**Work order:** The job is to find each line of the records below that includes the word "keep" and copy it.

**Excerpted data:**

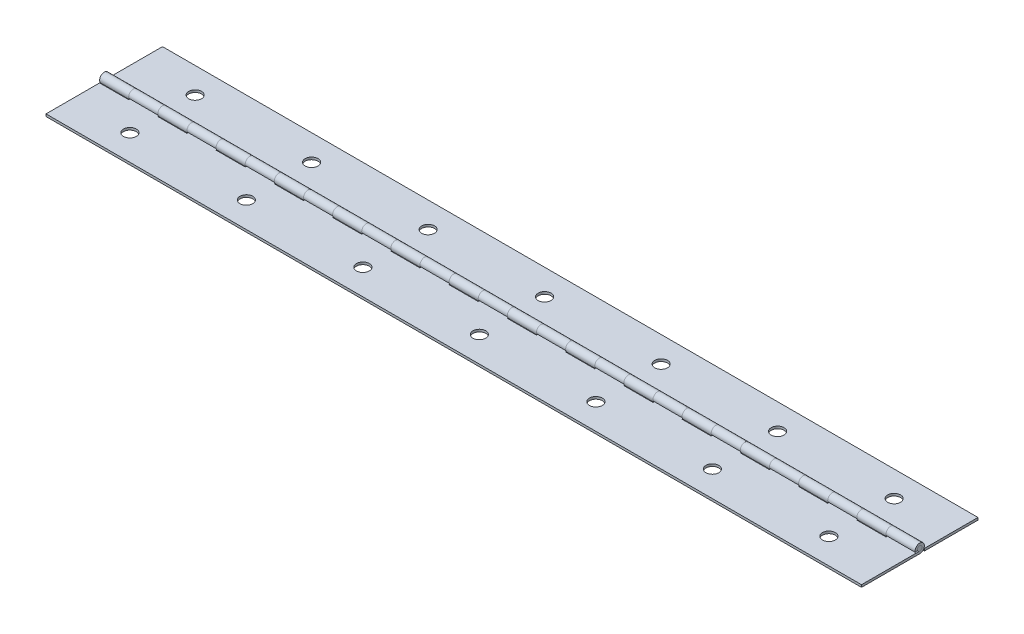
SolidWorks part; units mm, degrees
material "Plain Carbon Steel"
ref_plane "Front Plane" through (0, 0, 0) normal (0, 0, 1) x (1, 0, 0)
ref_plane "Top Plane" through (0, 0, 0) normal (0, 1, 0) x (1, 0, 0)
ref_plane "Right Plane" through (0, 0, 0) normal (1, 0, 0) x (0, 0, -1)
sketch "Sketch1" plane through (0, 0, 0) normal (1, 0, 0) x (0, 0, -1)
  line L0 (25.4, 1.016) -> (0, 1.016)
  line L1 (25.4, 0) -> (0, 0)
  line L2 (1.9675, 1.524) -> (0.9837, 1.778)
  line L3 (25.4, 1.016) -> (25.4, 0)
  circle A0 centre (0, 2.032) radius 1.016 construction
  arc A1 (0, 1.016) -> (0.9837, 1.778) centre (0, 2.032) cw
  arc A2 (0, 0) -> (1.9675, 1.524) centre (0, 2.032) cw
  arc A3 (0, 0) -> (1.9675, 1.524) centre (0, 2.032) cw construction
  dimension "D1" = 2.032
  dimension "D2" = 1.016
  dimension "D3" = 25.4
  dimension "D5" = 0.508
  dimension "D4" = 1.016
extrude "Boss-Extrude1" add sketch "Sketch1" along normal blind 1828.8
sketch "Sketch2" plane through (0, 1.016, 0) normal (0, 1, 0) x (1, 0, 0)
  line L0 (1828.8, 2.032) -> (0, 2.032) construction
  line L1 (12.7, 2.032) -> (25.4, 2.032)
  line L2 (12.7, 2.032) -> (12.7, -2.032)
  line L3 (12.7, -2.032) -> (25.4, -2.032)
  line L4 (25.4, 2.032) -> (25.4, -2.032)
  line L5 (0, -2.032) -> (1828.8, -2.032) construction
  dimension "D1" = 12.7
  dimension "D2" = 12.7
extrude "Cut-Extrude1" cut sketch "Sketch2" against normal through all both and the other way through all
pattern_linear "LPattern1" count 72 spacing 25.4 along (1, 0, 0) of "Cut-Extrude1"
sketch "Sketch3" plane through (0, 0, 0) normal (-1, 0, 0) x (0, 0, 1)
  line L1 (0, 0) -> (-25.4, 0) construction
  line L8 (25.4, 0) -> (0, 0)
  line L9 (25.4, 0) -> (25.4, 1.016)
  line L10 (25.4, 1.016) -> (0, 1.016)
  line L11 (-25.4, 1.016) -> (0, 1.016) construction
  line L12 (0.9837, 1.778) -> (1.9675, 1.524)
  arc A4 (0, 1.016) -> (0.9837, 1.778) centre (0, 2.032) cw
  arc A5 (0, 0) -> (1.9675, 1.524) centre (0, 2.032) cw
extrude "Boss-Extrude2" add sketch "Sketch3" against normal up to surface (1828.8 mm away) separate body up to face at (1828.8, 0.508, -13.716)
sketch "Sketch4" plane through (0, 1.016, 0) normal (0, 1, 0) x (1, 0, 0)
  line L1 (0, -2.032) -> (12.7, -2.032)
  line L2 (0, -2.032) -> (0, 2.032)
  line L3 (0, 2.032) -> (12.7, 2.032)
  line L4 (12.7, -2.032) -> (12.7, 2.032)
extrude "Cut-Extrude2" cut sketch "Sketch4" against normal through all both and the other way through all
pattern_linear "LPattern3" count 72 spacing 25.4 along (1, 0, 0) of "Cut-Extrude2"
sketch "Sketch5" plane through (0, 0, 0) normal (-1, 0, 0) x (0, 0, 1)
  circle A0 centre (0, 2.032) radius 1.016
  arc A1 (0, 1.016) -> (-0.9837, 1.778) centre (0, 2.032) ccw construction
extrude "Boss-Extrude4" add sketch "Sketch5" against normal up to surface (1828.8 mm away) separate body up to face at (1828.8, 1.6081, 8.4015)
hole_wizard "#2 (0.221) Diameter Hole1" positions "Sketch6" profile "Sketch7" hole size "#2" standard "ANSI Inch" end condition through all
sketch "Sketch6" plane through (0, 1.016, 0) normal (0, 1, 0) x (1, 0, 0)
  line L0 (1828.8, -25.4) -> (0, -25.4) construction
  line L1 (0, -25.4) -> (0, -2.032) construction
  point P0 (25.4, -14.224)
  point P12 (76.2, -14.224)
  point P13 (127, -14.224)
  point P14 (177.8, -14.224)
  point P15 (228.6, -14.224)
  point P16 (279.4, -14.224)
  point P17 (330.2, -14.224)
  point P18 (381, -14.224)
  point P19 (431.8, -14.224)
  point P20 (482.6, -14.224)
  point P21 (533.4, -14.224)
  point P22 (584.2, -14.224)
  point P23 (635, -14.224)
  point P24 (685.8, -14.224)
  point P25 (736.6, -14.224)
  point P26 (787.4, -14.224)
  point P27 (838.2, -14.224)
  point P28 (889, -14.224)
  point P29 (939.8, -14.224)
  point P30 (990.6, -14.224)
  point P31 (1041.4, -14.224)
  point P32 (1092.2, -14.224)
  point P33 (1143, -14.224)
  point P34 (1193.8, -14.224)
  point P35 (1244.6, -14.224)
  point P36 (1295.4, -14.224)
  point P37 (1346.2, -14.224)
  point P38 (1397, -14.224)
  point P39 (1447.8, -14.224)
  point P40 (1498.6, -14.224)
  point P41 (1549.4, -14.224)
  point P42 (1600.2, -14.224)
  point P43 (1651, -14.224)
  point P44 (1701.8, -14.224)
  point P45 (1752.6, -14.224)
  point P46 (1803.4, -14.224)
  dimension "D1" = 11.176
  dimension "D2" = 25.4
  dimension "D4" = 50.8
  dimension "D3" = 36
sketch "Sketch7" plane through (25.4, 1.016, 14.224) normal (1, 0, 0) x (0, 0, 1)
  line L0 (0, 0) -> (0, 1.016)
  line L1 (0, 1.016) -> (2.8067, 1.016)
  line L2 (2.8067, 1.016) -> (2.8067, 0)
  line L5 (2.8067, 0) -> (0, 0)
  line L11 (0, -6.35) -> (0, 107.95) construction
  dimension "Thru Hole Dia." = 5.6134
  dimension "Thru Hole Depth" = 1.016
hole_wizard "#2 (0.221) Diameter Hole2" positions "Sketch8" profile "Sketch9" hole size "#2" standard "ANSI Inch" end condition through all
sketch "Sketch8" plane through (0, 1.016, 0) normal (0, 1, 0) x (1, 0, 0)
  line L0 (0, 0) -> (63.5, 0) construction
  line L1 (63.5, 2.032) -> (63.5, -2.032) construction
  line L2 (25.4, 14.224) -> (76.2, 14.224) construction
  point P0 (25.4, 14.224)
  point P18 (76.2, 14.224)
  point P19 (127, 14.224)
  point P20 (177.8, 14.224)
  point P21 (228.6, 14.224)
  point P22 (279.4, 14.224)
  point P23 (330.2, 14.224)
  point P24 (381, 14.224)
  point P25 (431.8, 14.224)
  point P26 (482.6, 14.224)
  point P27 (533.4, 14.224)
  point P28 (584.2, 14.224)
  point P29 (635, 14.224)
  point P30 (685.8, 14.224)
  point P31 (736.6, 14.224)
  point P32 (787.4, 14.224)
  point P33 (838.2, 14.224)
  point P34 (889, 14.224)
  point P35 (939.8, 14.224)
  point P36 (990.6, 14.224)
  point P37 (1041.4, 14.224)
  point P38 (1092.2, 14.224)
  point P39 (1143, 14.224)
  point P40 (1193.8, 14.224)
  point P41 (1244.6, 14.224)
  point P42 (1295.4, 14.224)
  point P43 (1346.2, 14.224)
  point P44 (1397, 14.224)
  point P45 (1447.8, 14.224)
  point P46 (1498.6, 14.224)
  point P47 (1549.4, 14.224)
  point P48 (1600.2, 14.224)
  point P49 (1651, 14.224)
  point P50 (1701.8, 14.224)
  point P51 (1752.6, 14.224)
  point P52 (1803.4, 14.224)
  dimension "D2" = 50.8
  dimension "D1" = 36
sketch "Sketch9" plane through (25.4, 1.016, -14.224) normal (1, 0, 0) x (0, 0, 1)
  line L0 (0, 0) -> (0, 1.016)
  line L1 (0, 1.016) -> (2.8067, 1.016)
  line L2 (2.8067, 1.016) -> (2.8067, 0)
  line L5 (2.8067, 0) -> (0, 0)
  line L11 (0, -6.35) -> (0, 107.95) construction
  dimension "Thru Hole Dia." = 5.6134
  dimension "Thru Hole Depth" = 1.016
sketch "Sketch10" plane through (0, 1.016, 0) normal (0, 1, 0) x (1, 0, 0)
  line L0 (1828.8, 25.4) -> (0, 25.4) construction
  line L1 (355.6, 25.4) -> (1828.8, 25.4)
  line L2 (355.6, 25.4) -> (355.6, -25.4)
  line L3 (355.6, -25.4) -> (1828.8, -25.4)
  line L4 (1828.8, 25.4) -> (1828.8, -25.4)
  line L5 (0, 25.4) -> (0, 0) construction
  dimension "D1" = 355.6
extrude "Cut-Extrude3" cut sketch "Sketch10" against normal through all both and the other way through all
delete or keep bodies "Body-Delete/Keep 1" [suppressed] type delete bodies bodies 112 113
delete or keep bodies "Body-Delete/Keep 2" [suppressed] type delete bodies bodies 112 114
delete or keep bodies "Body-Delete/Keep 3" [suppressed] type delete bodies bodies 113 114
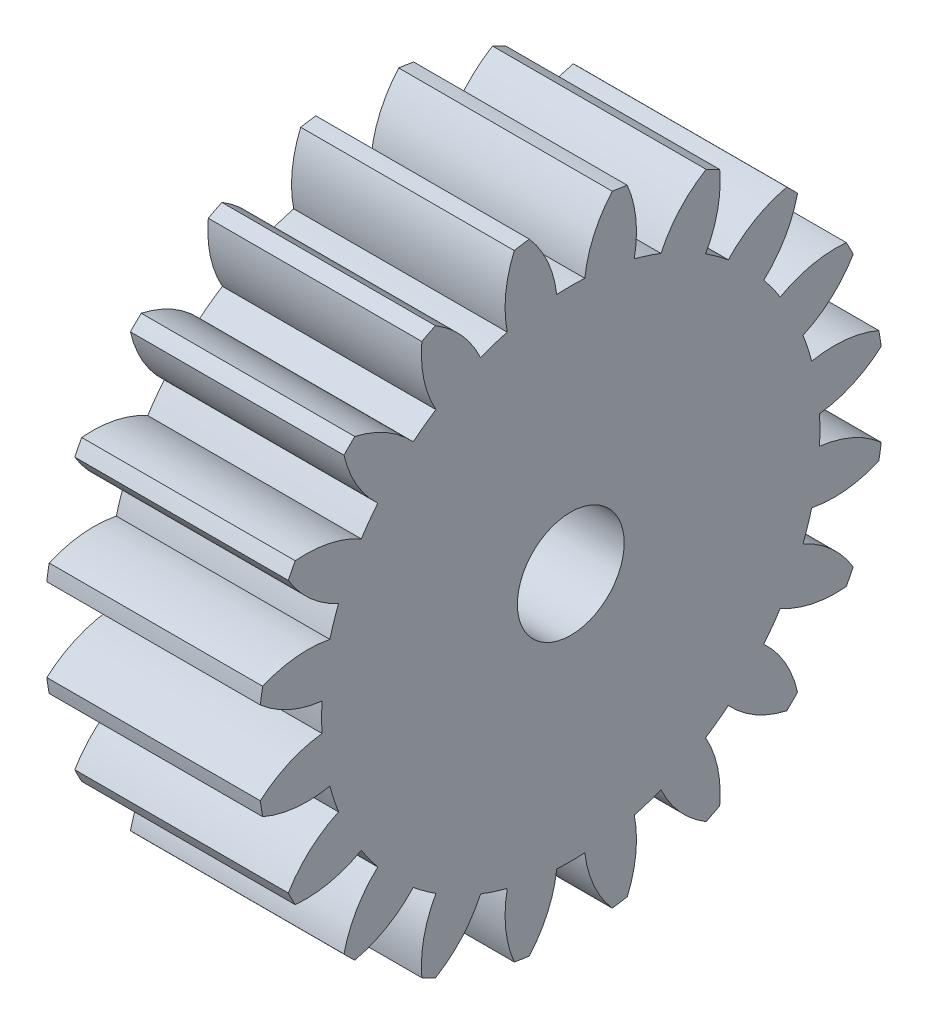
SolidWorks part; units mm, degrees
material "Ottone"
ref_plane "Plane1" through (0, 0, 0) normal (0, 0, 1) x (1, 0, 0)
ref_plane "Plane2" through (0, 0, 0) normal (0, 1, 0) x (1, 0, 0)
ref_plane "Plane3" through (0, 0, 0) normal (1, 0, 0) x (0, 0, -1)
sketch "HoldingSke" plane through (0, 0, 0) normal (0, 1, 0) x (1, 0, 0)
  line L0 (0, 0) -> (0.1879, -0.0684)
  line L1 (-15, 0) -> (100, 0) construction
  line L2 (0, 0) -> (-2.1039, 2.3779)
  line L3 (0, 0) -> (-11.863, 4.5341)
  line L4 (0, 0) -> (8.1152, 2.9537)
  line L5 (0, 0) -> (-46.8476, -17.4728)
  line L6 (0, 0) -> (-16.5793, -11.1861)
  line L7 (-2.1039, 2.3779) -> (8.6586, 51.2059)
  line L8 (-76.2, 54.61) -> (-73.9, 54.61)
  line L9 (-71.009, 38.7566) -> (-53.1078, 45.2721)
  line L10 (-76.2, 71.12) -> (104.1128, 71.12)
  line L11 (0, 0) -> (-20, 0)
  line L12 (-76.2, 101.6) -> (-76.033, 101.6)
  line L13 (24.9733, 27.94) -> (52.9518, 28.4284)
  line L14 (24.9733, 27.94) -> (24.9743, 27.94)
  line L15 (24.9733, 27.94) -> (100.4006, 29.5858)
  line L16 (-63.627, -5) -> (-12.827, -5)
  circle A0 centre (0, 0) radius 7.5
  circle A1 centre (0, 0) radius 37.5
  circle A2 centre (0, 0) radius 37.5
  circle A3 centre (0, 0) radius 7.5
  dimension "MHD" = 75
  dimension "Hub_dia" = 75
  dimension "Bore" = 15
  dimension "MBD" = 15
  dimension "Num_teeth" = 20
  dimension "Pitch" = 0.2
  dimension "Overall_len" = 50
  dimension "Show_teeth" = 20
  dimension "Thickness" = 20
  dimension "OAL" = 50.0001
  dimension "T_dim" = 2.3
  dimension "Ap" = 20
  dimension "H" = 19.05
  dimension "Pitch_radius" = 180.3128
  dimension "Width" = 20
  dimension "Backlash" = 0.167
  dimension "Addendum_fac" = 1
  dimension "Dedendum_fac" = 1.25
  dimension "Clearance_fac" = 0.25
  dimension "Dedendum_add" = 0.001
  dimension "Module" = 5
sketch "BasProSke" plane through (0, 0, 0) normal (0, 1, 0) x (1, 0, 0)
  line L0 (-10, 0) -> (60, 0) construction
  line L1 (0, 0) -> (0, 55)
  line L2 (0, 0) -> (20, 0)
  line L3 (20, 0) -> (20, 55)
  line L4 (20, 55) -> (0, 55)
  dimension "Thickness" = 20
  dimension "Diameter" = 110
revolve "Base-Revolve" add sketch "BasProSke" angle 360 about L0
sketch "TooCutSke" plane through (0, 0, 0) normal (1, 0, 0) x (0, 0, -1)
  line L1 (0, 0) -> (0, 107) construction
  line L2 (0, 0) -> (-4.2151, 49.822) construction
  line L3 (0, 0) -> (-15.6021, 98.5081) construction
  line L4 (-4.2151, 49.822) -> (-7.8011, 49.254) construction
  arc A0 (2.4648, 43.6795) -> (-2.4648, 43.6795) centre (0, 0) ccw
  arc A1 (7.3009, 54.5389) -> (-7.3009, 54.5389) centre (0, 0) ccw
  circle A2 centre (0, 0) radius 50 construction
  circle A3 centre (0, 0) radius 46.9846 construction
  arc A4 (-2.4648, 43.6795) -> (-7.3009, 54.5389) centre (-22.3276, 41.3405) ccw
  arc A5 (7.3009, 54.5389) -> (2.4648, 43.6795) centre (22.3276, 41.3405) ccw
  dimension "Root_dia" = 87.498
  dimension "Overcut_dia" = 110.0508
  dimension "Pitch_dia" = 100
  dimension "Base_dia" = 93.9693
  dimension "Flank_rad" = 20
  dimension "Half_ang" = 9
  dimension "Half_CT" = 3.6307
extrude "ToothCut" cut sketch "TooCutSke" along normal through all
fillet "Breaks" [suppressed] radius 0.1 tangent propagation no
fillet "RootFillets" [suppressed] radius 1.251
pattern_circular "TeethCuts" count 20 every 18 about axis through (-10, 0, 0) along (1, 0, 0) of "ToothCut"
sketch "HubNeaOneSke" [suppressed] plane through (0, 0, 0) normal (-1, 0, 0) x (0, 0, 1)
  circle A0 centre (0, 0) radius 12.7
  dimension "Diameter" = 75
extrude "HubNearOne" [suppressed] add sketch "HubNeaOneSke" along normal blind 30.0001
sketch "HubNeaBotSke" [suppressed] plane through (0, 0, 0) normal (-1, 0, 0) x (0, 0, 1)
  circle A0 centre (0, 0) radius 12.7
  dimension "Diameter" = 75
extrude "HubNearBoth" [suppressed] add sketch "HubNeaBotSke" along normal blind 15
ref_plane "FarPln" through (20, 0, 0) normal (1, 0, 0) x (0, 0, -1)
sketch "HubFarSke" [suppressed] plane through (12.7, 0, 0) normal (1, 0, 0) x (0, 0, -1)
  circle A0 centre (0, 0) radius 12.7
  dimension "Diameter" = 75
extrude "HubFar" [suppressed] add sketch "HubFarSke" along normal blind 15
sketch "BorSke" plane through (0, 0, 0) normal (1, 0, 0) x (0, 0, -1)
  circle A0 centre (0, 0) radius 7.5
  dimension "Diameter" = 15
extrude "Bore" cut sketch "BorSke" along normal mid plane 100.0001
sketch "KeySke" [suppressed] plane through (0, 0, 0) normal (1, 0, 0) x (0, 0, -1)
  line L0 (-3.175, 0) -> (-3.175, 12.065)
  line L1 (-3.175, 12.065) -> (3.175, 12.065)
  line L2 (3.175, 12.065) -> (3.175, 0)
  line L3 (0, 0) -> (0, 34) construction
  line L4 (-3.175, 0) -> (3.175, 0)
  dimension "Offset" = 9.8
  dimension "Width" = 5
extrude "Keyway" [suppressed] cut sketch "KeySke" along normal mid plane 100.0001
pattern_circular "Keyway2" [suppressed] count 2 every 90 about axis through (-10, 0, 0) along (1, 0, 0) reverse direction yes
ref_axis "Axis1" through (20, 0, 0) along (-1, 0, 0)
scale "Scala1" scale about centroid uniform scaling yes scale factor 0.16
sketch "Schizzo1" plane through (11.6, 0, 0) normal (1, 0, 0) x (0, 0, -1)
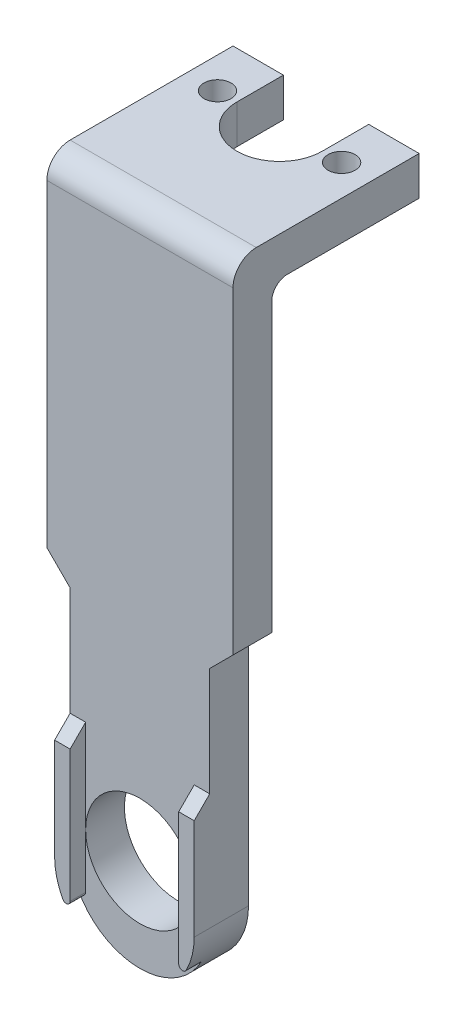
SolidWorks part; units mm, degrees
material "PMMA"
ref_plane "Front Plane" through (0, 0, 0) normal (0, 0, 1) x (1, 0, 0)
ref_plane "Top Plane" through (0, 0, 0) normal (0, 1, 0) x (1, 0, 0)
ref_plane "Right Plane" through (0, 0, 0) normal (1, 0, 0) x (0, 0, -1)
sketch "Sketch1" plane through (0, 0, 0) normal (0, 1, 0) x (1, 0, 0)
  line L1 (-12, 8) -> (-12, -18)
  line L2 (-12, -18) -> (12, -18)
  line L3 (12, -18) -> (12, 5.5)
  line L5 (-12, 8) -> (0, 8)
  line L6 (0, 8) -> (12, 8)
  line L7 (12, 8) -> (12, 5.5)
  line L8 (0, 8) -> (0, 0) construction
  line L9 (-17.0927, 0) -> (16.2972, 0) construction
  line L10 (0, 12.4942) -> (0, -10.971) construction
  line L11 (-8, 12.4942) -> (-8, -10.971) construction
  line L12 (8, 12.4942) -> (8, -10.971) construction
  circle A0 centre (0, 0) radius 5.5
  circle A1 centre (-8, 0) radius 1.75
  circle A2 centre (8, 0) radius 1.75
  dimension "D1" = 11
  dimension "D8" = 3.5
  dimension "D9" = 3.5
  dimension "D2" = 8
  dimension "D3" = 12
  dimension "D4" = 18
  dimension "D5" = 12
  dimension "D6" = 8
  dimension "D7" = 8
extrude "Boss-Extrude2" add sketch "Sketch1" along normal blind 5
sketch "Sketch2" plane through (0, 0, 0) normal (0, -1, 0) x (1, 0, 0)
  line L0 (-12, 18) -> (-12, 13)
  line L1 (-12, -8) -> (-12, 18) construction
  line L2 (-12, 13) -> (12, 13)
  line L3 (12, 18) -> (12, -8) construction
  line L4 (12, 13) -> (12, 18)
  line L5 (12, 18) -> (-12, 18)
  dimension "D1" = 5
extrude "Boss-Extrude3" add sketch "Sketch2" along normal blind 80
fillet "Fillet1" radius 3 1 edges at (0, 5, 18)
fillet "Fillet2" radius 2 1 edges at (0, 0, 13)
sketch "Sketch3" plane through (0, 0, 18) normal (0, 0, 1) x (1, 0, 0)
  line L0 (12, -80) -> (-12, -80) construction
  line L1 (0, 9.239) -> (0, -63.1826) construction
  circle A0 centre (0, -68) radius 7
  dimension "D1" = 14
  dimension "D2" = 12
extrude "Cut-Extrude1" cut sketch "Sketch3" against normal blind 60
sketch "Sketch4" plane through (0, 5, 0) normal (0, 1, 0) x (1, 0, 0)
  line L0 (-12, 8) -> (12, 8)
  line L1 (12, 8) -> (12, 6)
  line L2 (12, -15) -> (12, 8) construction
  line L3 (12, 6) -> (-12, 6)
  line L4 (-12, 8) -> (-12, -15) construction
  line L5 (-12, 6) -> (-12, 8)
  dimension "D1" = 2
extrude "Cut-Extrude2" cut sketch "Sketch4" against normal through all
sketch "Sketch5" plane through (0, 5, 0) normal (0, 1, 0) x (1, 0, 0)
  line L0 (-5.5, 0) -> (5.5, 0)
  line L1 (5.5, 0) -> (5.5, 6)
  line L2 (-12, 6) -> (12, 6) construction
  line L3 (5.5, 6) -> (-5.5, 6)
  line L4 (-5.5, 6) -> (-5.5, 0)
  circle A0 centre (0, 0) radius 5.5 construction
extrude "Cut-Extrude3" cut sketch "Sketch5" against normal through all
sketch "Sketch6" plane through (0, 0, 18) normal (0, 0, 1) x (1, 0, 0)
  line L0 (-12, -39) -> (-9, -42)
  line L1 (-12, 2) -> (-12, -80) construction
  line L2 (-9, -42) -> (-9, -80)
  line L3 (12, -80) -> (-12, -80) construction
  line L4 (-9, -80) -> (-12, -80)
  line L5 (-12, -80) -> (-12, -39)
  line L6 (0, 0) -> (0, -91.1725) construction
  line L7 (9, -80) -> (12, -80)
  line L8 (9, -42) -> (9, -80)
  line L9 (12, -39) -> (9, -42)
  line L10 (12, -80) -> (12, -39)
  dimension "D1" = 3
  dimension "D2" = 45
extrude "Cut-Extrude4" cut sketch "Sketch6" against normal through all
fillet "Fillet4" radius 9 2 edges at (9, -80, 15.5) (-9, -80, 15.5)
sketch "Sketch7" plane through (0, 0, 18) normal (0, 0, 1) x (1, 0, 0)
  line L0 (-7, -58) -> (-7, -76.6569)
  line L1 (-7, -58) -> (-9, -58)
  line L2 (-9, -71) -> (-9, -42) construction
  line L3 (-9, -58) -> (-9, -71)
  line L4 (0, -68) -> (-11.806, -68) construction
  line L5 (0, -59.1292) -> (0, -81.9536) construction
  line L6 (7, -58) -> (9, -58)
  line L7 (9, -58) -> (9, -71)
  line L8 (7, -58) -> (7, -76.6569)
  arc A0 (-9, -71) -> (-7, -76.6569) centre (0, -71) ccw
  arc A1 (9, -71) -> (7, -76.6569) centre (0, -71) cw
  dimension "D3" = 9
  dimension "D1" = 10
  dimension "D2" = 2
extrude "Boss-Extrude4" add sketch "Sketch7" along normal blind 2
chamfer "Chamfer1" distance 2 angle 45 2 edges at (8, -58, 18) (-8, -58, 18)
fillet "Fillet5" radius 0.5 2 edges at (7, -76.6569, 19) (-7, -76.6569, 19)

**Exercise response:**
delete or keep bodies "Body-Delete/Keep 1" [suppressed] type delete bodies bodies 112 113
delete or keep bodies "Body-Delete/Keep 2" [suppressed] type delete bodies bodies 112 114
delete or keep bodies "Body-Delete/Keep 3" [suppressed] type delete bodies bodies 113 114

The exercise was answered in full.